Despite his unenviable position in the delegate count — and against the advice of many of his top advisers — Sanders has refused to withdraw from the battle for the nomination.
Interestingly, the progressive wing of the Democratic Party faces another challenge from an unexpected source.
Eitan Hersh, who is also a political scientist at Tufts, suggests in his new book, “Politics Is for Power,” that the Democratic left is threatened by a political side effect of the internet.
The web, he writes, has facilitated the growth — concentrated especially in the ranks of well-educated white progressives — of voters seeking “a shortcut to feeling engaged without being engaged,” voters for whom “emotion — righteous anger — is an end rather than a means to an end.”
Hersh calls these voters “hobbyists.” They spend an hour a day or more closely following politics primarily on social media, but they rarely, if ever, actually engage in politics through volunteering or other grass roots activity.
Hersh provided data comparing the demographics of hobbyists to non-hobbyists.
First and foremost, hobbyists are white, 82 percent, compared with 67 percent for non-hobbyists. They are majority male, 53 percent, compared with non-hobbyists who are 59 percent female.
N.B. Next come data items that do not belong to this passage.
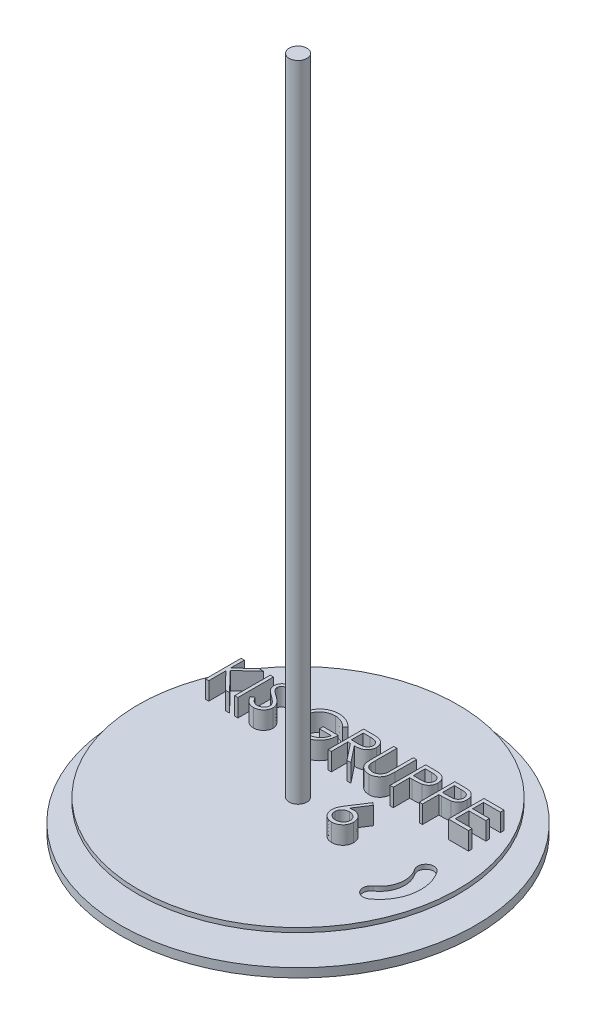
SolidWorks part; units mm, degrees
ref_plane "Front Plane" through (0, 0, 0) normal (0, 0, 1) x (1, 0, 0)
ref_plane "Top Plane" through (0, 0, 0) normal (0, 1, 0) x (1, 0, 0)
ref_plane "Right Plane" through (0, 0, 0) normal (1, 0, 0) x (0, 0, -1)
sketch "Sketch1" plane through (0, 0, 0) normal (0, 1, 0) x (1, 0, 0)
  circle A0 centre (0, 0) radius 200
  dimension "D1" = 400
extrude "Boss-Extrude1" add sketch "Sketch1" along normal blind 10
sketch "Sketch2" plane through (0, 10, 0) normal (0, 1, 0) x (1, 0, 0)
  circle A0 centre (0, 0) radius 10
  dimension "D1" = 20
extrude "Boss-Extrude2" add sketch "Sketch2" along normal blind 750
ref_plane "Plane1" through (0, 30, 0) normal (0, 1, 0) x (1, 0, 0)
sketch "Sketch3" plane through (0, 30, 0) normal (0, 1, 0) x (1, 0, 0)
  circle A0 centre (0, 0) radius 180
  dimension "D1" = 360
extrude "Boss-Extrude3" add sketch "Sketch3" along normal blind 5
sketch "Sketch4" plane through (0, 35, 0) normal (0, 1, 0) x (1, 0, 0)
  arc A0 (143.7707, 0) -> (134.0371, -51.8911) centre (112.9583, -21.0787) cw construction
  arc A1 (139.1562, -59.3741) -> (151.2537, 5.1191) centre (112.9583, -21.0787) ccw
  arc A2 (128.9179, -44.4081) -> (136.2877, -5.1191) centre (112.9583, -21.0787) ccw
  arc A3 (128.9179, -44.4081) -> (139.1562, -59.3741) centre (134.0371, -51.8911) ccw
  arc A4 (151.2537, 5.1191) -> (136.2877, -5.1191) centre (143.7707, 0) ccw
  point P3 (149.6509, -27.9615)
extrude "Cut-Extrude1" cut sketch "Sketch4" against normal up to next
sketch "Sketch7" plane through (0, 35, 0) normal (0, 1, 0) x (1, 0, 0)
  text T0 "KIS GRUPPE \r\n             6\r\n" font "Century Gothic" height 40
extrude "Boss-Extrude5" add sketch "Sketch7" along normal blind 20

They are better educated, 37 percent with college degrees, compared with 30 percent among non-hobbyists.
In a further refinement of his analysis, Hersh compared voters who spend an hour or more a day on politics and do no volunteer work with those who spend an hour a day but also perform volunteer work — in other words, those who not only follow politics closely but also engage in grass roots activities.
There were some striking differences, Hersh wrote by email:
The people who spend an hour or more a day on politics but no time in volunteerism are 82 percent white, but those who do volunteering are only 60 percent white. The political hobbyists are 47 percent women but the volunteers are 64 percent women.
I asked Hersh why certain Democrats and liberals were drawn to hobbyism. One factor, according to Hersh, is that many hobbyists are not facing hard times:
College educated whites do politics as a leisure activity because the status quo is pretty good for them, and they are not motivated either by fears or by a sense of linked fate to those who do have pressing needs to get off their couches. They might say they hate Trump, are worried about polarization, are afraid of climate change, etc., but they aren’t really interested in doing anything about it because they don’t find the direction of the country sufficiently threatening to them.
If political hobbyists go ahead and vote, why worry about what they do or don’t do?
Hersh’s answer:
Political hobbyism isn’t just a distinct activity from the pursuit of political power; it hinders the pursuit of political power.
Since politics, including the politics of governing, is a competition in the exercise of power and influence, corporations and rich people are going to press for their interests no matter what. Insofar as progressive forces include a disproportionate share of hobbyists — as they currently do — progressives are going to be weakened in that struggle for power.
Interests will always conflict, and the conflicts are often as intense and bitter within a political party as they are between political parties. But political coalitions like the Democratic Party depend on the willingness of competitive forces to come to a compromise or at least a working agreement.
Unfortunately, intraparty dissension often brings the whole house down. Strategically, the challenge for progressives is not to defeat the Democratic Party, nor is it to generate a constant drumbeat of hostility from the left. The challenge is to combine forces with the rest of the party and deploy that power to win elections and change lives.